Data records
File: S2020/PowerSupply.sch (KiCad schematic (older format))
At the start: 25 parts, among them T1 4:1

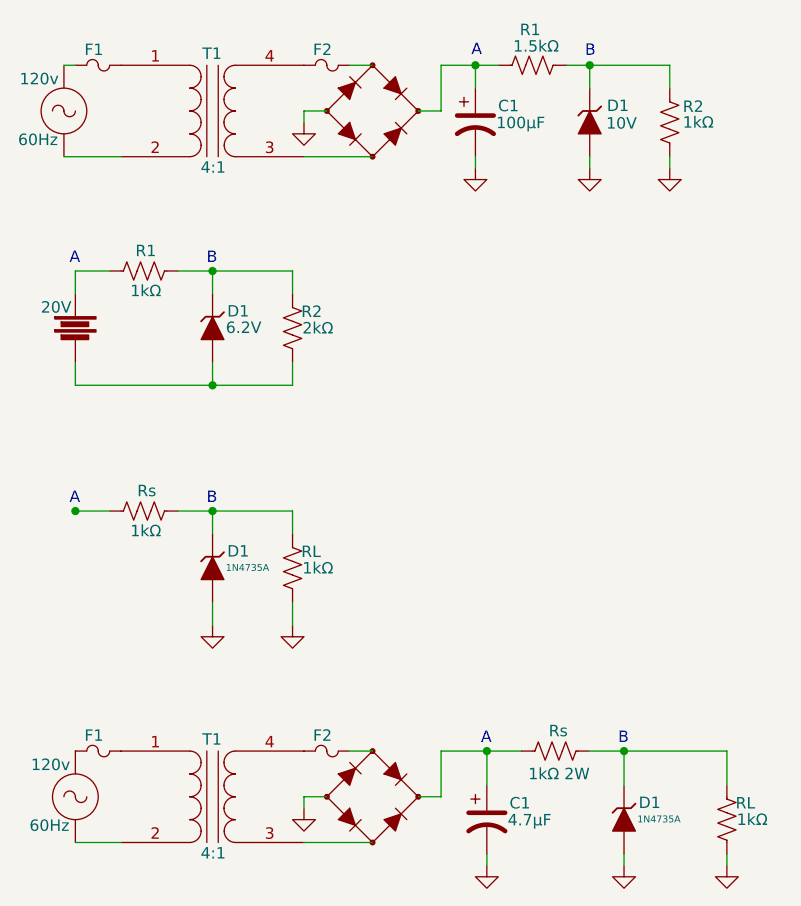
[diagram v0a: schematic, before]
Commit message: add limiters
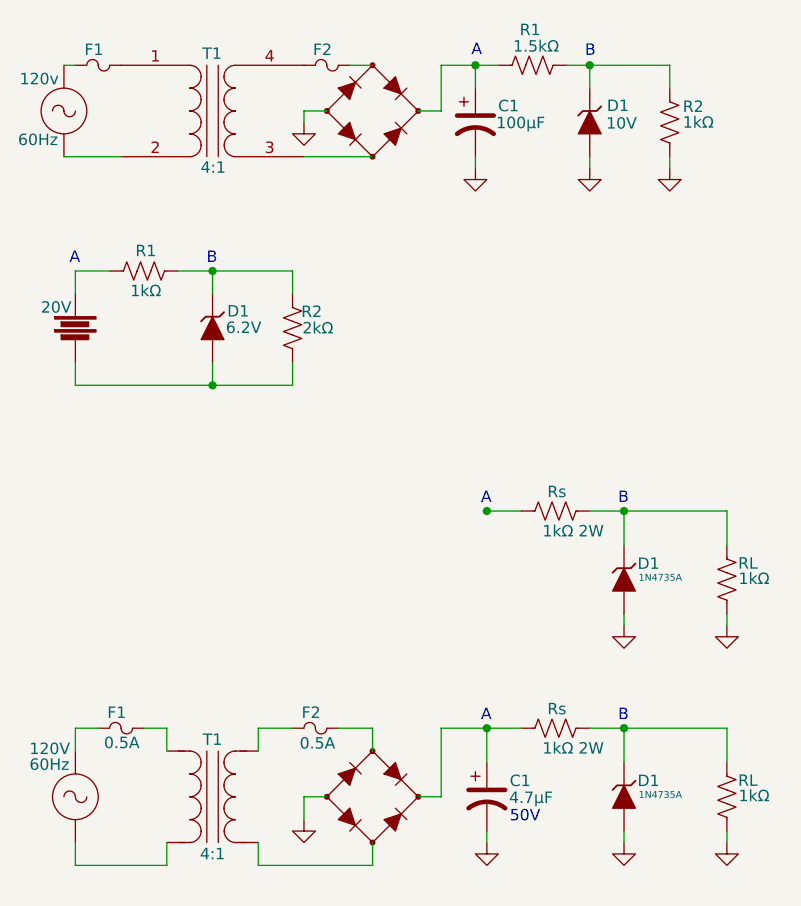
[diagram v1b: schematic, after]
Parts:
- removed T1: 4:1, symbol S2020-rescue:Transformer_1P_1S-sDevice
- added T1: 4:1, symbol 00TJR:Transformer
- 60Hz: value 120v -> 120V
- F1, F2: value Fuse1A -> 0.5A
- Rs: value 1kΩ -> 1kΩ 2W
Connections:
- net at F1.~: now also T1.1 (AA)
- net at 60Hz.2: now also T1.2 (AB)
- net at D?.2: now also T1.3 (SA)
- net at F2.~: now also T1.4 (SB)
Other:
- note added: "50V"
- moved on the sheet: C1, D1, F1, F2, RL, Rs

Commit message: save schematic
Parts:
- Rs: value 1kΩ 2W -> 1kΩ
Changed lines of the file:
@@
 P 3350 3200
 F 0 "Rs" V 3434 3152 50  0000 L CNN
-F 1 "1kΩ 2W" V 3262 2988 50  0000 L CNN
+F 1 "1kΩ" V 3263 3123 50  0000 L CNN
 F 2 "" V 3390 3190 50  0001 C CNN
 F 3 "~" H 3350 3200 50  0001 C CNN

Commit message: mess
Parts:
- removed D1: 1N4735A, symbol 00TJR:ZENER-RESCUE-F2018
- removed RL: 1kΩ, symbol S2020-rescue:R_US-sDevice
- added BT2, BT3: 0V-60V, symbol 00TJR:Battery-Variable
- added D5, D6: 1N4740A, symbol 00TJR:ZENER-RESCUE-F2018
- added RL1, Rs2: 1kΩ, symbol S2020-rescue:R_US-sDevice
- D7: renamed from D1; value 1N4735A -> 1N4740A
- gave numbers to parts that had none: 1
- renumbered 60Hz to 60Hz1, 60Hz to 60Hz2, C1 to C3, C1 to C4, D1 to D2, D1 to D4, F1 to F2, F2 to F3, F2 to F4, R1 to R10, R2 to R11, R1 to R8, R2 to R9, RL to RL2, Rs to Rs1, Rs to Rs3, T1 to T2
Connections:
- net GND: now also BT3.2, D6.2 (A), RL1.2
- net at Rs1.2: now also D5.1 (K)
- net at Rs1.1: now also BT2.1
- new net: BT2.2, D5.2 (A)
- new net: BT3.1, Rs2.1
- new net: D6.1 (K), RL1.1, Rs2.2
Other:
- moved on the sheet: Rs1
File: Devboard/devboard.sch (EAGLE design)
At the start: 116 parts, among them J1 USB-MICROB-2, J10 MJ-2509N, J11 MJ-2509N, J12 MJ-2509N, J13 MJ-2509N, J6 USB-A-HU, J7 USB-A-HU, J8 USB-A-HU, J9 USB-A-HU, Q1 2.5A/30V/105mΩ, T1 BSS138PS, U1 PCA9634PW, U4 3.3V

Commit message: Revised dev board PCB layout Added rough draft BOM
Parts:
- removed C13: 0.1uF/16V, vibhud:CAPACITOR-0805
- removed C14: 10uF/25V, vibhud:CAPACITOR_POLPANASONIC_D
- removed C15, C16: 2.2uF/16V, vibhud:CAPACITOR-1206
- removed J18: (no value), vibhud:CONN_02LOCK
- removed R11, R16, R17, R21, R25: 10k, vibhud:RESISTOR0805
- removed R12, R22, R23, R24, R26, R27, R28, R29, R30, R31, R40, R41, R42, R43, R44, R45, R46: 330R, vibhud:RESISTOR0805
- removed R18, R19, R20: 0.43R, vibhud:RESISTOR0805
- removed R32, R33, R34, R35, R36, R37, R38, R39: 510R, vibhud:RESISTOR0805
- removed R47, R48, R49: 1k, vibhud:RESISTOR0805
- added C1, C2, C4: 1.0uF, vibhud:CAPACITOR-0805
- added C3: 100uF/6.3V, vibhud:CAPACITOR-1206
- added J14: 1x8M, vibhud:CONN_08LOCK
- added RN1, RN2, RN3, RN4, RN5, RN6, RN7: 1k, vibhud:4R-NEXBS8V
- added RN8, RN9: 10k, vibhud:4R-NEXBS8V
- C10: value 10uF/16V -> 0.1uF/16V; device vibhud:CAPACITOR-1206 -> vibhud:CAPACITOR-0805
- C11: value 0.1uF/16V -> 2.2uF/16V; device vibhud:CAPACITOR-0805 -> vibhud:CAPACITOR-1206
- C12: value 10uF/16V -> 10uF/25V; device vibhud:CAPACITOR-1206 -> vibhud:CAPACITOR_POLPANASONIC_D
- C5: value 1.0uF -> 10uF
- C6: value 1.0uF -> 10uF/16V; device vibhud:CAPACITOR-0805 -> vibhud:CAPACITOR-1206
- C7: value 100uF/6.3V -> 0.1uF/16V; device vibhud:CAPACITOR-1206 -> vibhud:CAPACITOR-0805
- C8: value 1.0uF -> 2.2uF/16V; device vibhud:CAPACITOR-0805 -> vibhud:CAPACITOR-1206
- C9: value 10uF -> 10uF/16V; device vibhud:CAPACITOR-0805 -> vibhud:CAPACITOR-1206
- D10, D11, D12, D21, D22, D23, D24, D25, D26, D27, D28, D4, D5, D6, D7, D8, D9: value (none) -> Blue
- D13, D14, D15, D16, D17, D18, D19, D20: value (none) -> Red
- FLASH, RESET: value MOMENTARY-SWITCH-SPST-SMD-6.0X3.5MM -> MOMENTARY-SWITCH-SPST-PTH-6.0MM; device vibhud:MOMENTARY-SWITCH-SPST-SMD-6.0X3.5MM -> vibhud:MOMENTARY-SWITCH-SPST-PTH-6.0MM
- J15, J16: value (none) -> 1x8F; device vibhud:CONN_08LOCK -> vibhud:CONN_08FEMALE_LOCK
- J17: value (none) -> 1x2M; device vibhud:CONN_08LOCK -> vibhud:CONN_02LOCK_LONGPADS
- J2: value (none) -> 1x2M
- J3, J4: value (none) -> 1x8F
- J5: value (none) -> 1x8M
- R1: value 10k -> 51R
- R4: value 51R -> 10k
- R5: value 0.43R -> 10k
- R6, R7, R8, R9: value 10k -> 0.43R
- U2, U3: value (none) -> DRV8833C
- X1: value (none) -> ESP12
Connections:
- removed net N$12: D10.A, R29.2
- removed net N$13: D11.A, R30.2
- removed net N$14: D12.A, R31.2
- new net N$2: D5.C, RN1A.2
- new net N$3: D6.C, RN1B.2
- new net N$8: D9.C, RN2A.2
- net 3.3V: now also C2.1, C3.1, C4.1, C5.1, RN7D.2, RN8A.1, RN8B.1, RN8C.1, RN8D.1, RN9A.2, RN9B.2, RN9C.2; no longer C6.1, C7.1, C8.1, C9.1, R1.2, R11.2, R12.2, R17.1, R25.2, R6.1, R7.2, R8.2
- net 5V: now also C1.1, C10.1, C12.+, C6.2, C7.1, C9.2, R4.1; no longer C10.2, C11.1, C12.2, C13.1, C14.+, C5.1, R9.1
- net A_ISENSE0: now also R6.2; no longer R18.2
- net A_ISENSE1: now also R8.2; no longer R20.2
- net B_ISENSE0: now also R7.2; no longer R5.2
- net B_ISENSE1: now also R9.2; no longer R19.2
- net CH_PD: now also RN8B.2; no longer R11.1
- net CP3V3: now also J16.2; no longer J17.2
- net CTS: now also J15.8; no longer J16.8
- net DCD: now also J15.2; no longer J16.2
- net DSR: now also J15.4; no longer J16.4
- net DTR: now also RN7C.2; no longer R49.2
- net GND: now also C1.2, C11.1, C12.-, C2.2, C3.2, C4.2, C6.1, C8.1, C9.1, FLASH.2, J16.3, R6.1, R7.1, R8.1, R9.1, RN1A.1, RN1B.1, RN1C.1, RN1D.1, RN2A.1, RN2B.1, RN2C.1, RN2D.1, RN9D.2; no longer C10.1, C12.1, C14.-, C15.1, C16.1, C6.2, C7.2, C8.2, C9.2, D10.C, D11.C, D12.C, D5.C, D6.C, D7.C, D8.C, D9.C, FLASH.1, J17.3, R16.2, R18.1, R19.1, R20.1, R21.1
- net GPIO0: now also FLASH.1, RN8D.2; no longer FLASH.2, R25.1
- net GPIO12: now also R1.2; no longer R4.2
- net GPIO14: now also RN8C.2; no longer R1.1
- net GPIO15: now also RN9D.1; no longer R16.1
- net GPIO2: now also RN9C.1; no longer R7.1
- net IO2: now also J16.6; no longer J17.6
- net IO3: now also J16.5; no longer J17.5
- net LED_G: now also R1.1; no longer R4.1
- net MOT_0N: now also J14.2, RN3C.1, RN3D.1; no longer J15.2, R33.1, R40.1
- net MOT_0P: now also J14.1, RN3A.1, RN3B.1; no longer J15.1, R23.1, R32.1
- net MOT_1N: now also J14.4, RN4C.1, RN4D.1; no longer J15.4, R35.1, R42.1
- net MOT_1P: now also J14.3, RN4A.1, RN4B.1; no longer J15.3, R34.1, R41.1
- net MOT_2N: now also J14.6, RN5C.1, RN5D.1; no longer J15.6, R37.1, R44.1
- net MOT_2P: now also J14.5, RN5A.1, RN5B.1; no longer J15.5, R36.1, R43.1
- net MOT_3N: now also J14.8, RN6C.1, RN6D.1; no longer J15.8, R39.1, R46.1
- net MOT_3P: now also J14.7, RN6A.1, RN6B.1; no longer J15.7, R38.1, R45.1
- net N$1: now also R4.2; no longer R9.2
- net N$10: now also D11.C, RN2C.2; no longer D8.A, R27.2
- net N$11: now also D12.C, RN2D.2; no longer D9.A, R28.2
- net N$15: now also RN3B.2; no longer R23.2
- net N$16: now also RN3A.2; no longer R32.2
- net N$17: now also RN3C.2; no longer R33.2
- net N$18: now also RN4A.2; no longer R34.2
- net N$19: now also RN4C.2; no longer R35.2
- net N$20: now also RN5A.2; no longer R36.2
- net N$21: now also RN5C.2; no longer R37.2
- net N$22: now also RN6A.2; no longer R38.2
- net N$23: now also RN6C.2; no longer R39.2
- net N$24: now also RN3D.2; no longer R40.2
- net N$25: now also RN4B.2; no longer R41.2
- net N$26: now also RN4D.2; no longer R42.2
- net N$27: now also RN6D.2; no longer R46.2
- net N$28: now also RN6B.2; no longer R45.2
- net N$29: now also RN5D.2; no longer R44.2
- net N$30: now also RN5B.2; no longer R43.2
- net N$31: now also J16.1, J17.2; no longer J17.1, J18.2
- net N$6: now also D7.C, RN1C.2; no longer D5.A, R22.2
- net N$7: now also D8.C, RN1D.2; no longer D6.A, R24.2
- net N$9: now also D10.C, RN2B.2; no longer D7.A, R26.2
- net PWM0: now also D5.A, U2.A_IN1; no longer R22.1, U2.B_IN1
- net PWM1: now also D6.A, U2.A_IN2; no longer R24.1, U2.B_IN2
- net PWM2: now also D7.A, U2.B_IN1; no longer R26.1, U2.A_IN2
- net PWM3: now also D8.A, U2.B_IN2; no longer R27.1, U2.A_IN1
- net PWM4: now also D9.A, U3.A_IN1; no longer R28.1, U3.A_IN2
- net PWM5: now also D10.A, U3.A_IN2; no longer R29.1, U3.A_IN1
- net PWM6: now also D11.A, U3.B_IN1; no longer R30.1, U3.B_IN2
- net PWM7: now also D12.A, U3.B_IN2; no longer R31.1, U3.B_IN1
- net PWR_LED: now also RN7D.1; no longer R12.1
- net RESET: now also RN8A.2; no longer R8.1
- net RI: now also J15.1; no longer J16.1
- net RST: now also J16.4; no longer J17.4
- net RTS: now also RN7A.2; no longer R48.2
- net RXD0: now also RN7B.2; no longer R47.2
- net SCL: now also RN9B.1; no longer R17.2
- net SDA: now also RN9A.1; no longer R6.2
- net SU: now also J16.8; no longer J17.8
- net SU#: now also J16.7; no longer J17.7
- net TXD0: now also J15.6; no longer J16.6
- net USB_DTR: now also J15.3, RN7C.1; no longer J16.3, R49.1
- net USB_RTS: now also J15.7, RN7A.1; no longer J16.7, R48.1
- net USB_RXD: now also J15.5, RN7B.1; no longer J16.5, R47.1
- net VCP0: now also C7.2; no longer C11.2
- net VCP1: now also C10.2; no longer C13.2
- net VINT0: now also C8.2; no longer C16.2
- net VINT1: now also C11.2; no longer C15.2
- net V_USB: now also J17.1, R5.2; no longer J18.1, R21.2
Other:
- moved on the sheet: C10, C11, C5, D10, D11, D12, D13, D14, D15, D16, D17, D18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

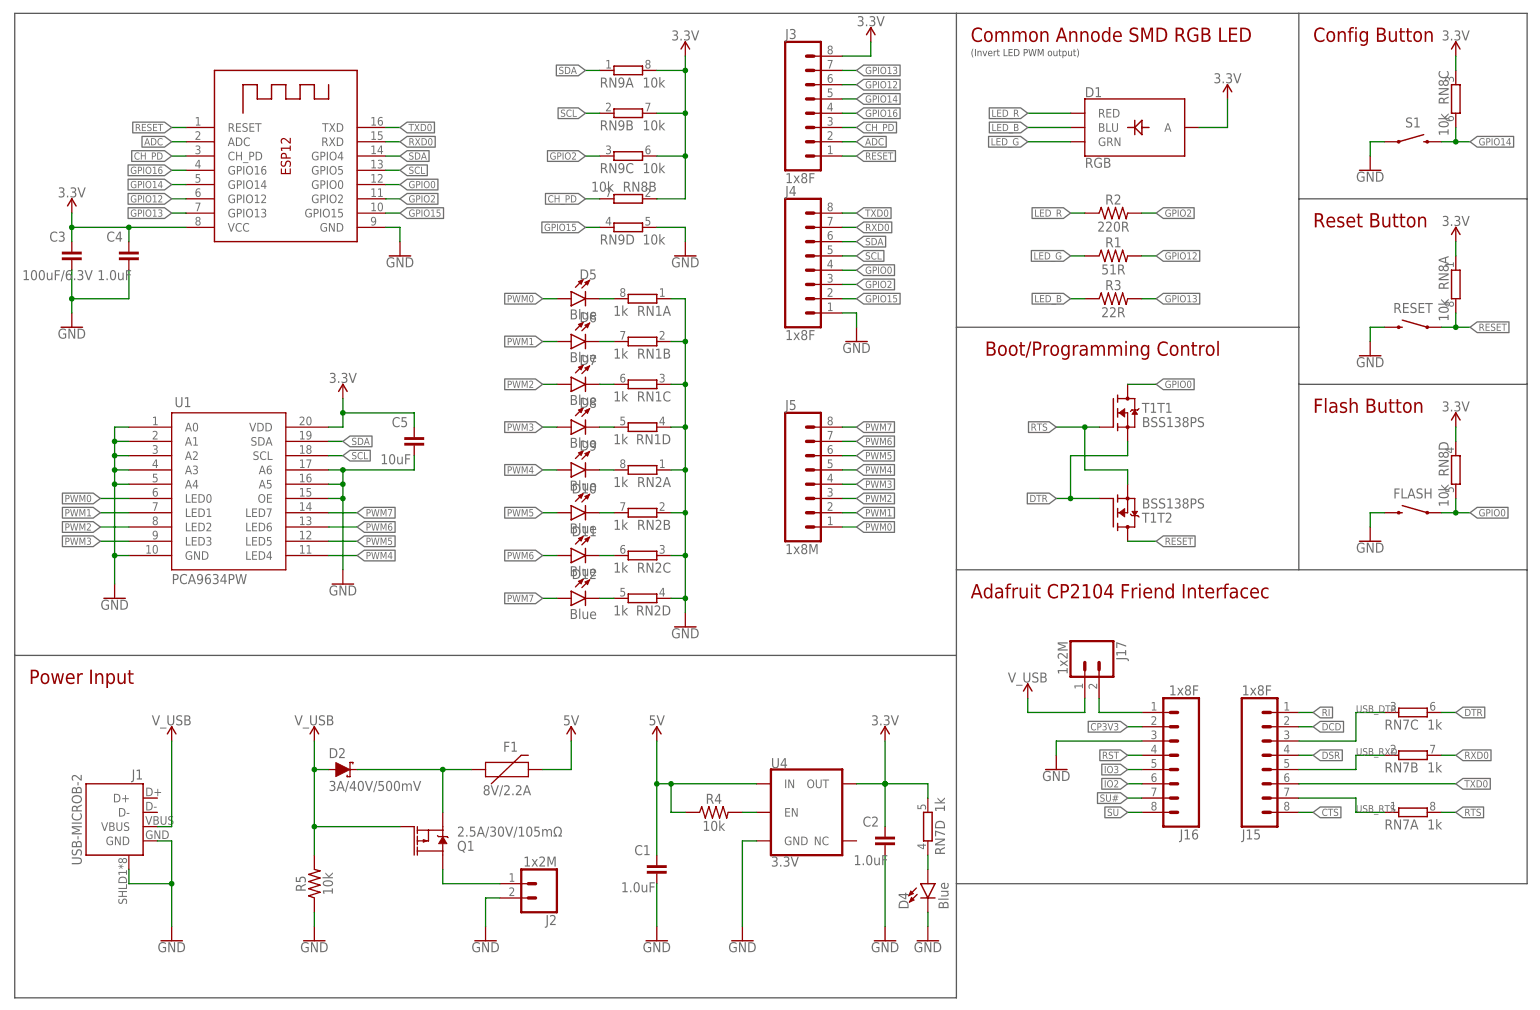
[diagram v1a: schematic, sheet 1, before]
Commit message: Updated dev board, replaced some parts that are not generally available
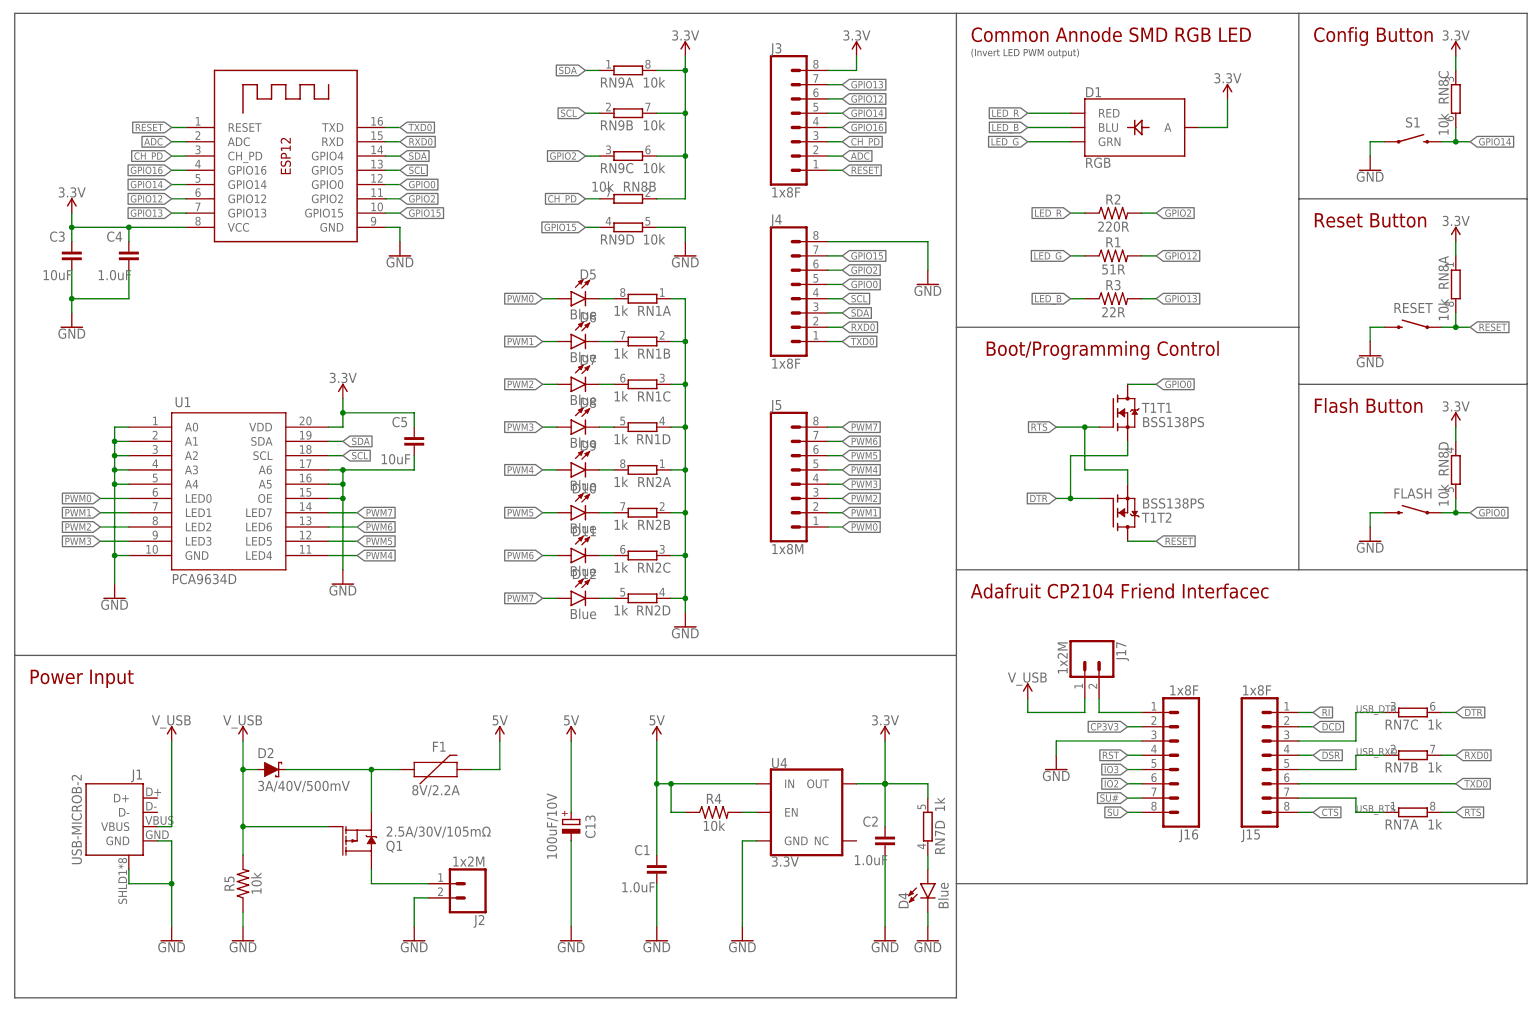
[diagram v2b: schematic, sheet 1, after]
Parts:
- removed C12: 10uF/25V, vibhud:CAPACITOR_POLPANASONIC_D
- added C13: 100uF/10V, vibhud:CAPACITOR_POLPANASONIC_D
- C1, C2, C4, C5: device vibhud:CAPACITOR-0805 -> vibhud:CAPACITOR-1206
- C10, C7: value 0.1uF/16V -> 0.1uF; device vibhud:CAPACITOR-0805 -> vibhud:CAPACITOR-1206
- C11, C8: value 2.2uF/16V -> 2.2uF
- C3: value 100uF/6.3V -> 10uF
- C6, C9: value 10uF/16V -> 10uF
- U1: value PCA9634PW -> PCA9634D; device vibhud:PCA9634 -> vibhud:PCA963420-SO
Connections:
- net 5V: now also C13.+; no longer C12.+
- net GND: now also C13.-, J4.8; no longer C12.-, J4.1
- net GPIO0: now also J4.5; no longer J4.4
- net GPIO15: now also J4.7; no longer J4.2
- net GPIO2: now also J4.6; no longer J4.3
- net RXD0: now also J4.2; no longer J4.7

What you need to do
Repeat, exactly as they stand above, the lines from the line with "- J15, J16: value" to the line with "- net DTR: now also RN7C.2; no longer R49.2", both lines included.

Task answer
- J15, J16: value (none) -> 1x8F; device vibhud:CONN_08LOCK -> vibhud:CONN_08FEMALE_LOCK
- J17: value (none) -> 1x2M; device vibhud:CONN_08LOCK -> vibhud:CONN_02LOCK_LONGPADS
- J2: value (none) -> 1x2M
- J3, J4: value (none) -> 1x8F
- J5: value (none) -> 1x8M
- R1: value 10k -> 51R
- R4: value 51R -> 10k
- R5: value 0.43R -> 10k
- R6, R7, R8, R9: value 10k -> 0.43R
- U2, U3: value (none) -> DRV8833C
- X1: value (none) -> ESP12
Connections:
- removed net N$12: D10.A, R29.2
- removed net N$13: D11.A, R30.2
- removed net N$14: D12.A, R31.2
- new net N$2: D5.C, RN1A.2
- new net N$3: D6.C, RN1B.2
- new net N$8: D9.C, RN2A.2
- net 3.3V: now also C2.1, C3.1, C4.1, C5.1, RN7D.2, RN8A.1, RN8B.1, RN8C.1, RN8D.1, RN9A.2, RN9B.2, RN9C.2; no longer C6.1, C7.1, C8.1, C9.1, R1.2, R11.2, R12.2, R17.1, R25.2, R6.1, R7.2, R8.2
- net 5V: now also C1.1, C10.1, C12.+, C6.2, C7.1, C9.2, R4.1; no longer C10.2, C11.1, C12.2, C13.1, C14.+, C5.1, R9.1
- net A_ISENSE0: now also R6.2; no longer R18.2
- net A_ISENSE1: now also R8.2; no longer R20.2
- net B_ISENSE0: now also R7.2; no longer R5.2
- net B_ISENSE1: now also R9.2; no longer R19.2
- net CH_PD: now also RN8B.2; no longer R11.1
- net CP3V3: now also J16.2; no longer J17.2
- net CTS: now also J15.8; no longer J16.8
- net DCD: now also J15.2; no longer J16.2
- net DSR: now also J15.4; no longer J16.4
- net DTR: now also RN7C.2; no longer R49.2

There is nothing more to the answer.